# Task prompt
Take the material below and output exactly the run of lines from the one containing "FROZEN2_EN: IC1.40 (PL5(OC5C));" down to the one containing "S1.4; also elsewhere on the board", with both included.
*** Opening Given data ***
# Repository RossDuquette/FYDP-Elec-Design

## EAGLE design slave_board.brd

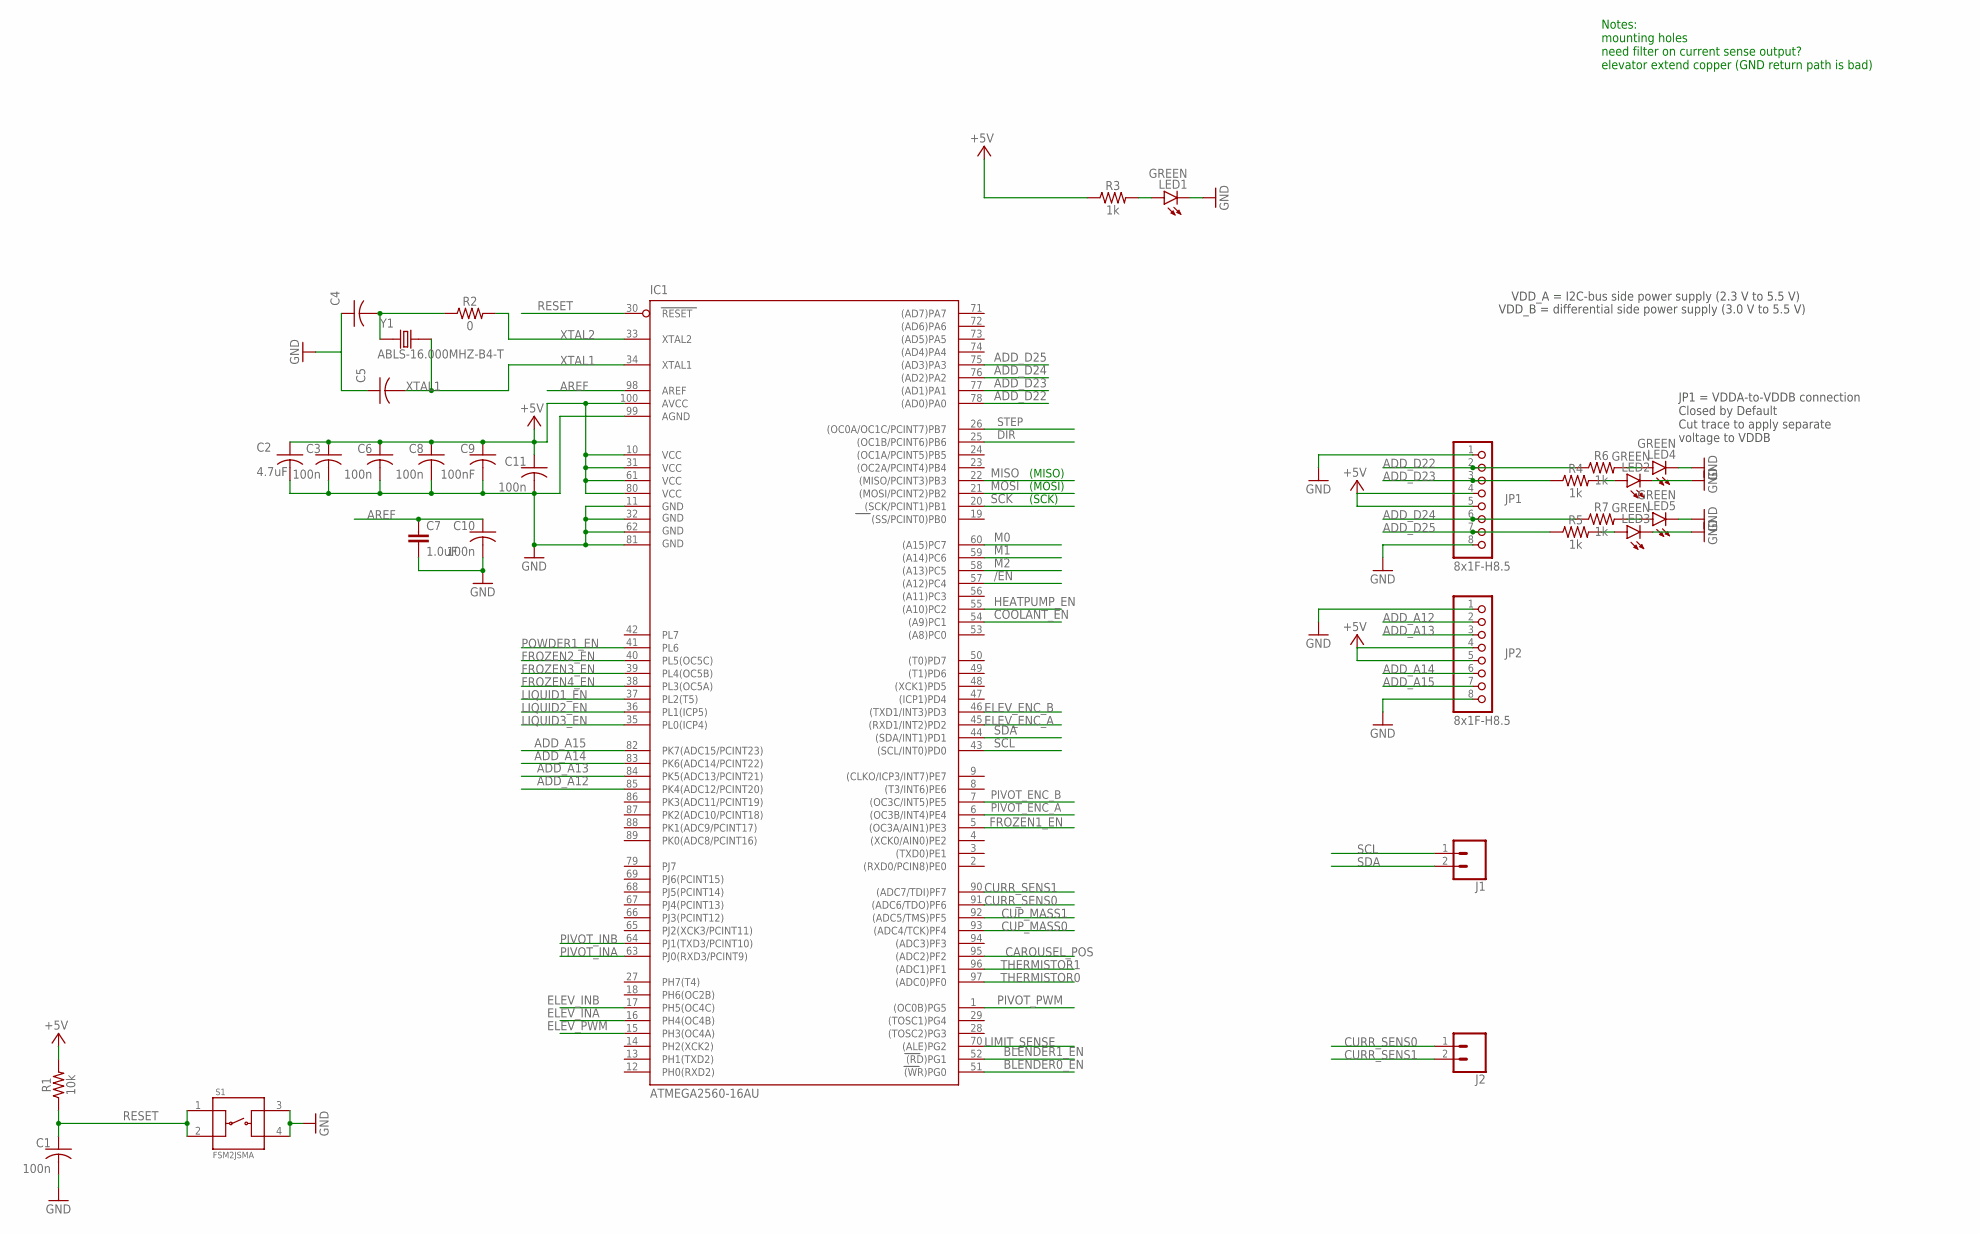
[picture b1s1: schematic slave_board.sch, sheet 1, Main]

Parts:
C1, C3, C6, C8, C10, C11: 100n; C0603
C2: 4.7uF; C0603
C4, C5: 15pF; C0603
C7: 1.0uF; 0603
C9: 100nF; C0603
IC1: ATMEGA2560-16AU; TQFP100
J1, J2: CONN_02; 1X02
JP1, JP2: 8x1F-H8.5; 1X08
LED1, LED2, LED3, LED4, LED5: GREEN; CHIP-LED0805
R1: 10k; 0603
R2: 0; 0603
R3, R4, R5, R6, R7: 1k; 0603
S1: FSM2JSMA
Y1: ABLS-16.000MHZ-B4-T

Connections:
+5V: C2.1, C3.1, C6.1, C8.1, C9.1, C11.1, IC1.10 (VCC), IC1.31 (VCC1), IC1.61 (VCC2), IC1.80 (VCC3), IC1.100 (AVCC), JP1.4, JP1.5, JP2.4, JP2.5, R1.2, R3.1; also elsewhere on the board
/EN: IC1.57 ((A12)PC4); also elsewhere on the board
ADD_A12: IC1.85 (PK4(ADC12/PCINT20)), JP2.2
ADD_A13: IC1.84 (PK5(ADC13/PCINT21)), JP2.3
ADD_A14: IC1.83 (PK6(ADC14/PCINT22)), JP2.6
ADD_A15: IC1.82 (PK7(ADC15/PCINT23)), JP2.7
ADD_D22: IC1.78 ((AD0)PA0), JP1.2, R6.1
ADD_D23: IC1.77 ((AD1)PA1), JP1.3, R4.1
ADD_D24: IC1.76 ((AD2)PA2), JP1.6, R7.1
ADD_D25: IC1.75 ((AD3)PA3), JP1.7, R5.1
AREF: C7.1, C10.1, IC1.98 (AREF)
BLENDER0_EN: IC1.51 ((WR)PG0); also elsewhere on the board
BLENDER1_EN: IC1.52 ((RD)PG1); also elsewhere on the board
CAROUSEL_POS: IC1.95 ((ADC2)PF2); also elsewhere on the board
COOLANT_EN: IC1.54 ((A9)PC1); also elsewhere on the board
CUP_MASS0: IC1.93 ((ADC4/TCK)PF4); also elsewhere on the board
CUP_MASS1: IC1.92 ((ADC5/TMS)PF5); also elsewhere on the board
CURR_SENS0: IC1.91 ((ADC6/TDO)PF6), J2.1; also elsewhere on the board
CURR_SENS1: IC1.90 ((ADC7/TDI)PF7), J2.2; also elsewhere on the board
DIR: IC1.25 ((OC1B/PCINT6)PB6); also elsewhere on the board
ELEV_ENC_A: IC1.45 ((RXD1/INT2)PD2); also elsewhere on the board
ELEV_ENC_B: IC1.46 ((TXD1/INT3)PD3); also elsewhere on the board
ELEV_INA: IC1.16 (PH4(OC4B)); also elsewhere on the board
ELEV_INB: IC1.17 (PH5(OC4C)); also elsewhere on the board
ELEV_PWM: IC1.15 (PH3(OC4A)); also elsewhere on the board
FROZEN1_EN: IC1.5 ((OC3A/AIN1)PE3); also elsewhere on the board
FROZEN2_EN: IC1.40 (PL5(OC5C)); also elsewhere on the board
FROZEN3_EN: IC1.39 (PL4(OC5B)); also elsewhere on the board
FROZEN4_EN: IC1.38 (PL3(OC5A)); also elsewhere on the board
GND: C1.2, C2.2, C3.2, C4.1, C5.1, C6.2, C7.2, C8.2, C9.2, C10.2, C11.2, IC1.11 (GND), IC1.32 (GND1), IC1.62 (GND2), IC1.81 (GND3), IC1.99 (AGND), JP1.1, JP1.8, JP2.1, JP2.8, LED1.C, LED2.C, LED3.C, LED4.C, LED5.C, S1.3, S1.4; also elsewhere on the board
HEATPUMP_EN: IC1.55 ((A10)PC2); also elsewhere on the board
LIMIT_SENSE: IC1.70 ((ALE)PG2); also elsewhere on the board
LIQUID1_EN: IC1.37 (PL2(T5)); also elsewhere on the board
LIQUID2_EN: IC1.36 (PL1(ICP5)); also elsewhere on the board
LIQUID3_EN: IC1.35 (PL0(ICP4)); also elsewhere on the board
M0: IC1.60 ((A15)PC7); also elsewhere on the board
M1: IC1.59 ((A14)PC6); also elsewhere on the board
M2: IC1.58 ((A13)PC5); also elsewhere on the board
MISO: IC1.22 ((MISO/PCINT3)PB3); also elsewhere on the board
MOSI: IC1.21 ((MOSI/PCINT2)PB2); also elsewhere on the board
unnamed: LED5.A, R7.2
unnamed: LED1.A, R3.2
unnamed: LED3.A, R5.2
unnamed: LED4.A, R6.2
unnamed: LED2.A, R4.2
unnamed: C4.2, R2.1, Y1.1
PIVOT_ENC_A: IC1.6 ((OC3B/INT4)PE4); also elsewhere on the board
PIVOT_ENC_B: IC1.7 ((OC3C/INT5)PE5); also elsewhere on the board
PIVOT_INA: IC1.63 (PJ0(RXD3/PCINT9)); also elsewhere on the board
PIVOT_INB: IC1.64 (PJ1(TXD3/PCINT10)); also elsewhere on the board
PIVOT_PWM: IC1.1 ((OC0B)PG5); also elsewhere on the board
POWDER1_EN: IC1.41 (PL6); also elsewhere on the board
RESET: C1.1, IC1.30 (RESET), R1.1, S1.1, S1.2; also elsewhere on the board
SCK: IC1.20 ((SCK/PCINT1)PB1); also elsewhere on the board
SCL: IC1.43 ((SCL/INT0)PD0), J1.1; also elsewhere on the board
SDA: IC1.44 ((SDA/INT1)PD1), J1.2; also elsewhere on the board
STEP: IC1.26 ((OC0A/OC1C/PCINT7)PB7); also elsewhere on the board
THERMISTOR0: IC1.97 ((ADC0)PF0); also elsewhere on the board
THERMISTOR1: IC1.96 ((ADC1)PF1); also elsewhere on the board
XTAL1: C5.2, IC1.34 (XTAL1), Y1.2
XTAL2: IC1.33 (XTAL2), R2.2

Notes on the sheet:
Notes: mounting holes need filter on current sense output? elevator extend copper (GND return path is bad)
JP1 = VDDA-to-VDDB connection Closed by Default Cut trace to apply separate voltage to VDDB
VDD_A = I2C-bus side power supply (2.3 V to 5.5 V)
VDD_B = differential side power supply (3.0 V to 5.5 V)
(MISO)
(SCK)
(MOSI)

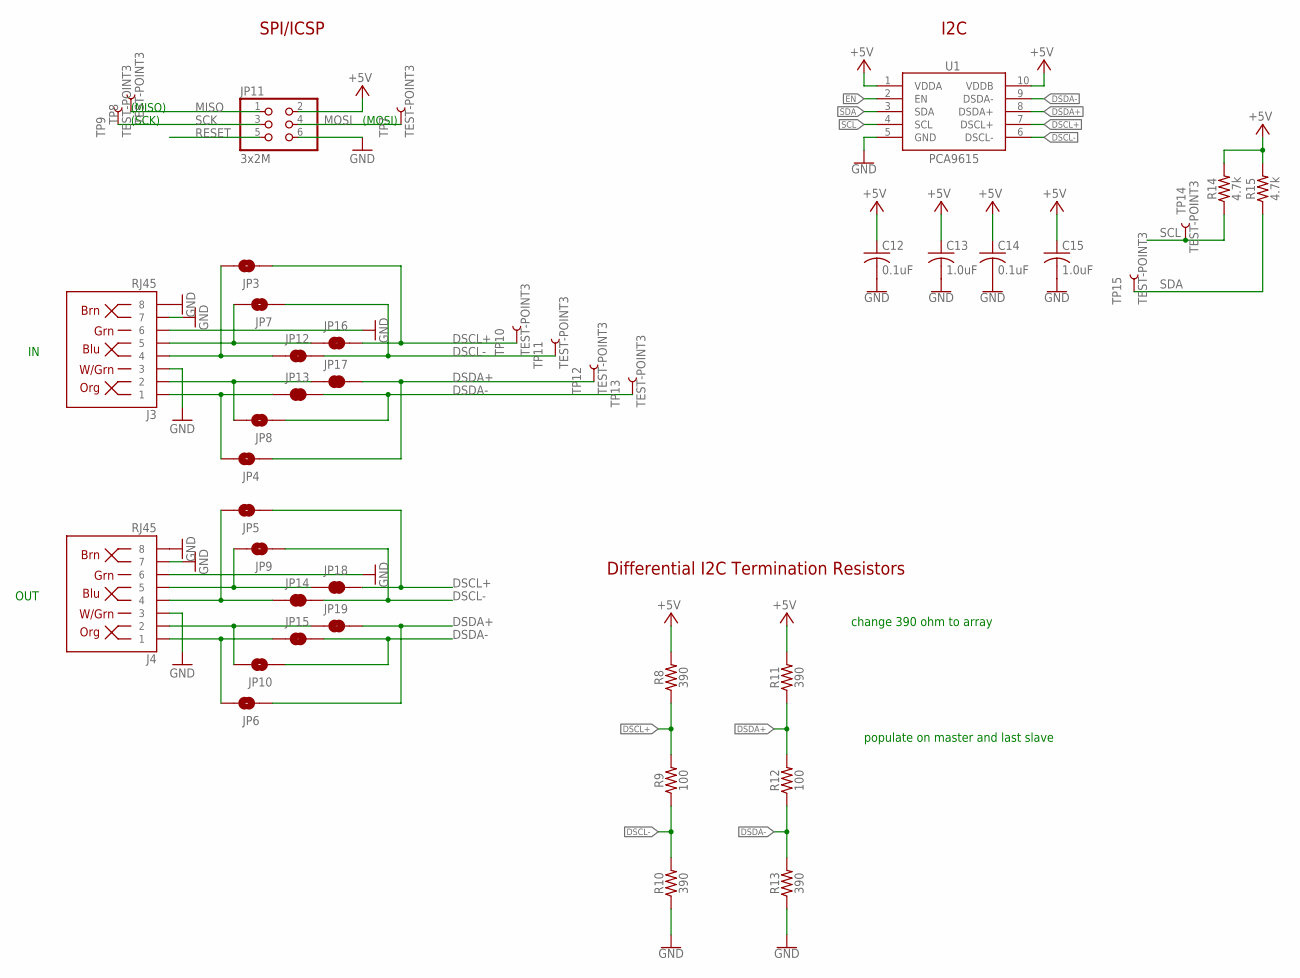
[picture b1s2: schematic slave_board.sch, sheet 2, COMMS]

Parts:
C12, C14: 0.1uF; C0603
C13, C15: 1.0uF; C0603
J3, J4: RJ45; RJ45-8
JP3, JP4, JP5, JP6, JP7, JP8, JP9, JP10: JUMPER-SMT_2_NO_NO-SILK; SMT-JUMPER_2_NO_NO-SILK
JP11: 3x2M; 2X03
JP12, JP13, JP14, JP15, JP16, JP17, JP18, JP19: JUMPER-SMT_2_NC_TRACE_NO-SILK; SMT-JUMPER_2_NC_TRACE_NO-SILK
R8, R10, R11, R13: 390; 0603
R9, R12: 100; 0603
R14, R15: 4.7k; 0603
TP7, TP8, TP9, TP10, TP11, TP12, TP13, TP14, TP15: TEST-POINT3; PAD.03X.03
U1: PCA9615; SPARKFUN-IC-COMMS_TSSOP10

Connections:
+5V: C12.1, C13.1, C14.1, C15.1, JP11.2, R8.2, R11.2, R14.2, R15.2, U1.1 (VDDA), U1.10 (VDDB); also elsewhere on the board
DSCL+: J3.5, J4.5, JP3.1, JP5.1, JP7.2, JP9.2, JP16.1, JP16.2, JP18.1, JP18.2, R8.1, R9.2, TP10.P$1, U1.7 (DSCL+)
DSCL-: J3.4, J4.4, JP3.2, JP5.2, JP7.1, JP9.1, JP12.1, JP12.2, JP14.1, JP14.2, R9.1, R10.2, TP11.P$1, U1.6 (DSCL-)
DSDA+: J3.2, J4.2, JP4.1, JP6.1, JP8.2, JP10.2, JP17.1, JP17.2, JP19.1, JP19.2, R11.1, R12.2, TP12.P$1, U1.8 (DSDA+)
DSDA-: J3.1, J4.1, JP4.2, JP6.2, JP8.1, JP10.1, JP13.1, JP13.2, JP15.1, JP15.2, R12.1, R13.2, TP13.P$1, U1.9 (DSDA-)
EN: U1.2 (EN)
GND: C12.2, C13.2, C14.2, C15.2, J3.3, J3.6, J3.7, J3.8, J4.3, J4.6, J4.7, J4.8, JP11.6, R10.1, R13.1, U1.5 (GND); also elsewhere on the board
MISO: JP11.1, TP8.P$1; also elsewhere on the board
MOSI: JP11.4, TP7.P$1; also elsewhere on the board
RESET: JP11.5; also elsewhere on the board
SCK: JP11.3, TP9.P$1; also elsewhere on the board
SCL: R14.1, TP14.P$1, U1.4 (SCL); also elsewhere on the board
SDA: R15.1, TP15.P$1, U1.3 (SDA); also elsewhere on the board

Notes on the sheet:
(SCK)
(MISO)
(MOSI)
I2C
SPI/ICSP
Differential I2C Termination Resistors
OUT
populate on master and last slave
change 390 ohm to array

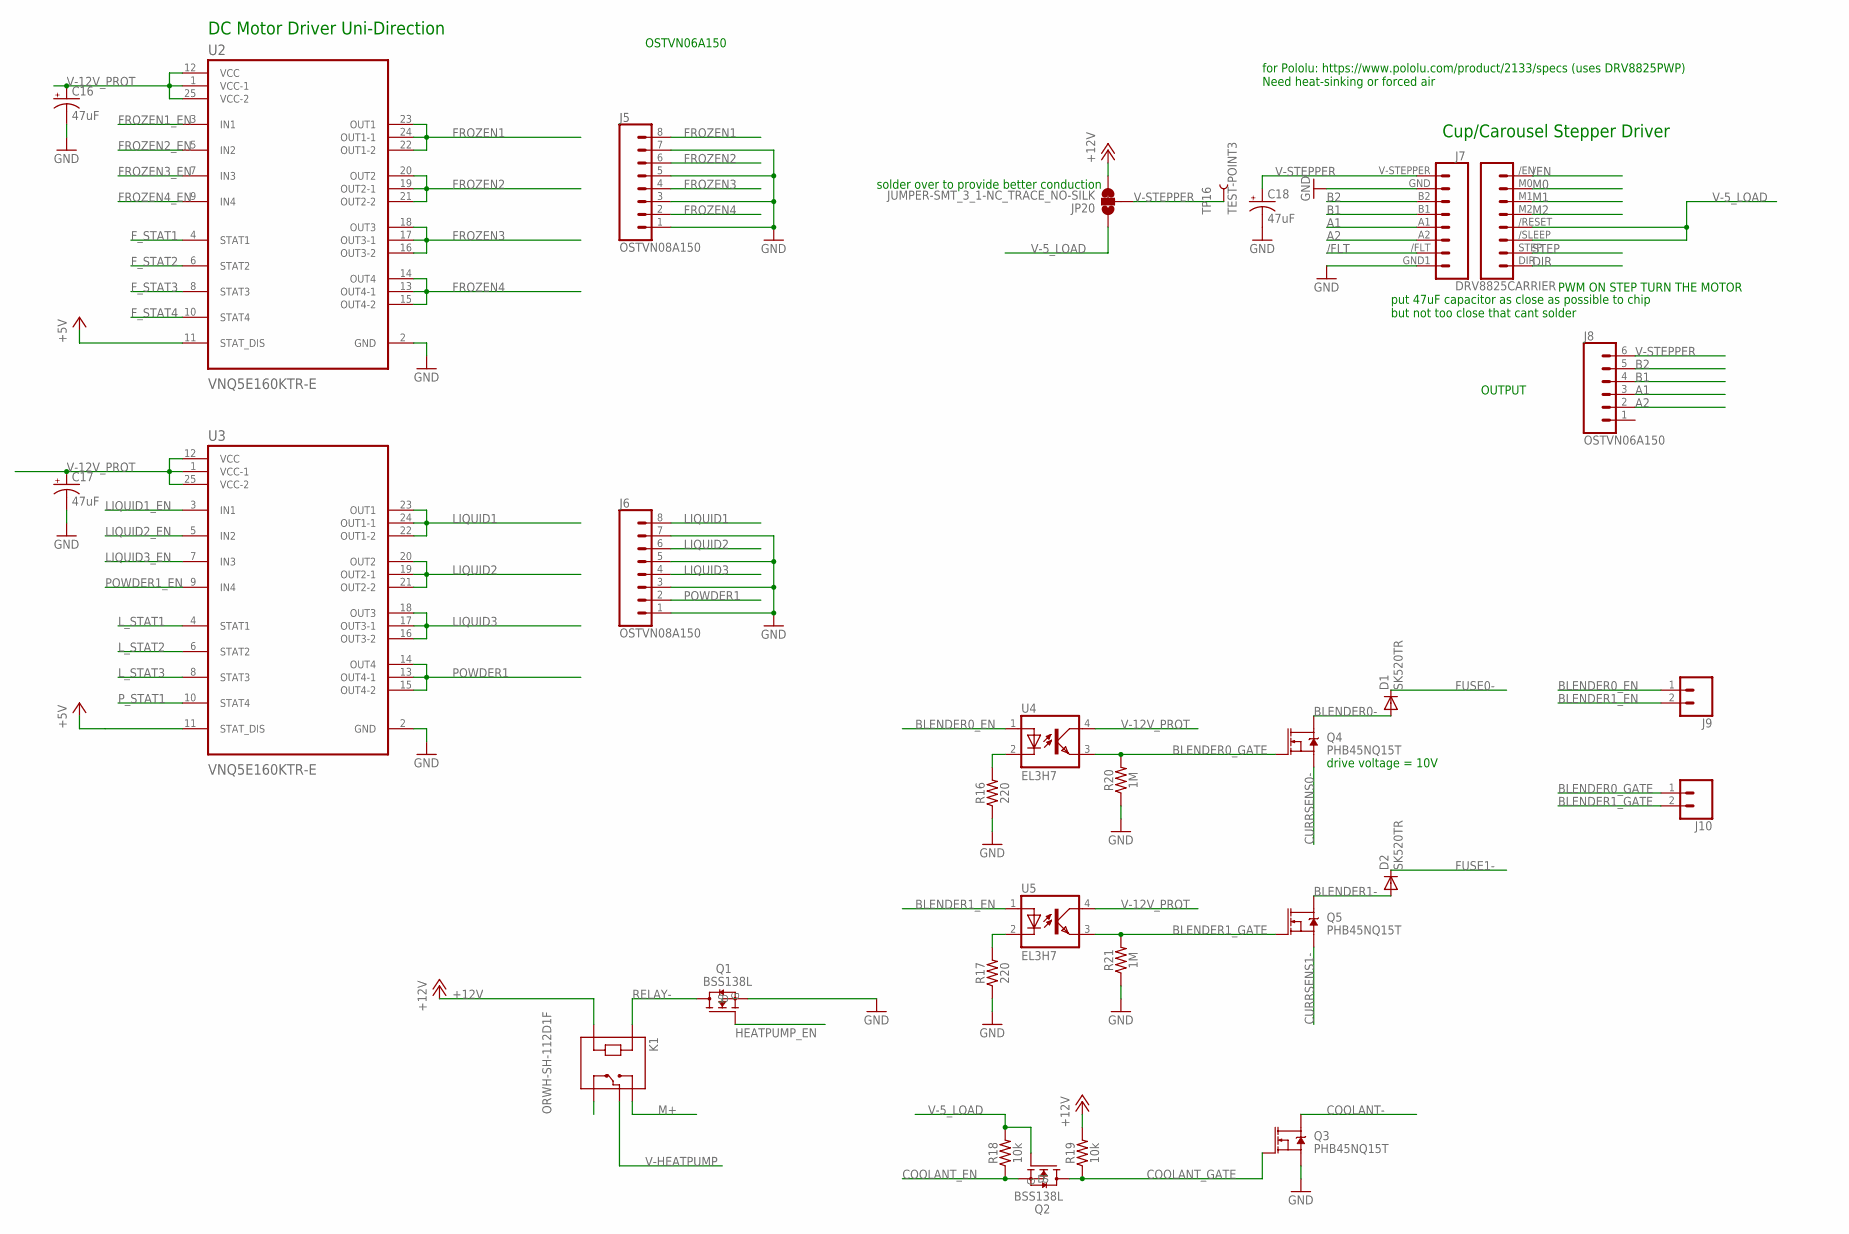
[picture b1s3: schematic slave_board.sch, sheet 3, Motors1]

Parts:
C16, C17, C18: 47uF; PANASONIC_D
D1, D2: SK520TR
J5, J6: OSTVN08A150; 8PIN_SCREW_TERMINAL
J7: DRV8825CARRIER
J8: OSTVN06A150; 6PIN_SCREW_TERMINAL
J9, J10: CONN_02; 1X02
JP20: JUMPER-SMT_3_1-NC_TRACE_NO-SILK; SMT-JUMPER_3_1-NC_TRACE_NO-SILK
K1: ORWH-SH-112D1F
Q1, Q2: BSS138L
Q3, Q4, Q5: PHB45NQ15T
R16, R17: 220; 0603
R18, R19: 10k; 0603
R20, R21: 1M; 0603
TP16: TEST-POINT3; PAD.03X.03
U2, U3: VNQ5E160KTR-E; SOP80P1030X245-25N
U4, U5: EL3H7

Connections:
+5V: U2.11 (STAT_DIS), U3.11 (STAT_DIS); also elsewhere on the board
+12V: JP20.3, K1.A2, R19.2; also elsewhere on the board
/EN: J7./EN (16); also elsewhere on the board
*** Closing Given data ***
# Result of this exercise
FROZEN2_EN: IC1.40 (PL5(OC5C)); also elsewhere on the board
FROZEN3_EN: IC1.39 (PL4(OC5B)); also elsewhere on the board
FROZEN4_EN: IC1.38 (PL3(OC5A)); also elsewhere on the board
GND: C1.2, C2.2, C3.2, C4.1, C5.1, C6.2, C7.2, C8.2, C9.2, C10.2, C11.2, IC1.11 (GND), IC1.32 (GND1), IC1.62 (GND2), IC1.81 (GND3), IC1.99 (AGND), JP1.1, JP1.8, JP2.1, JP2.8, LED1.C, LED2.C, LED3.C, LED4.C, LED5.C, S1.3, S1.4; also elsewhere on the board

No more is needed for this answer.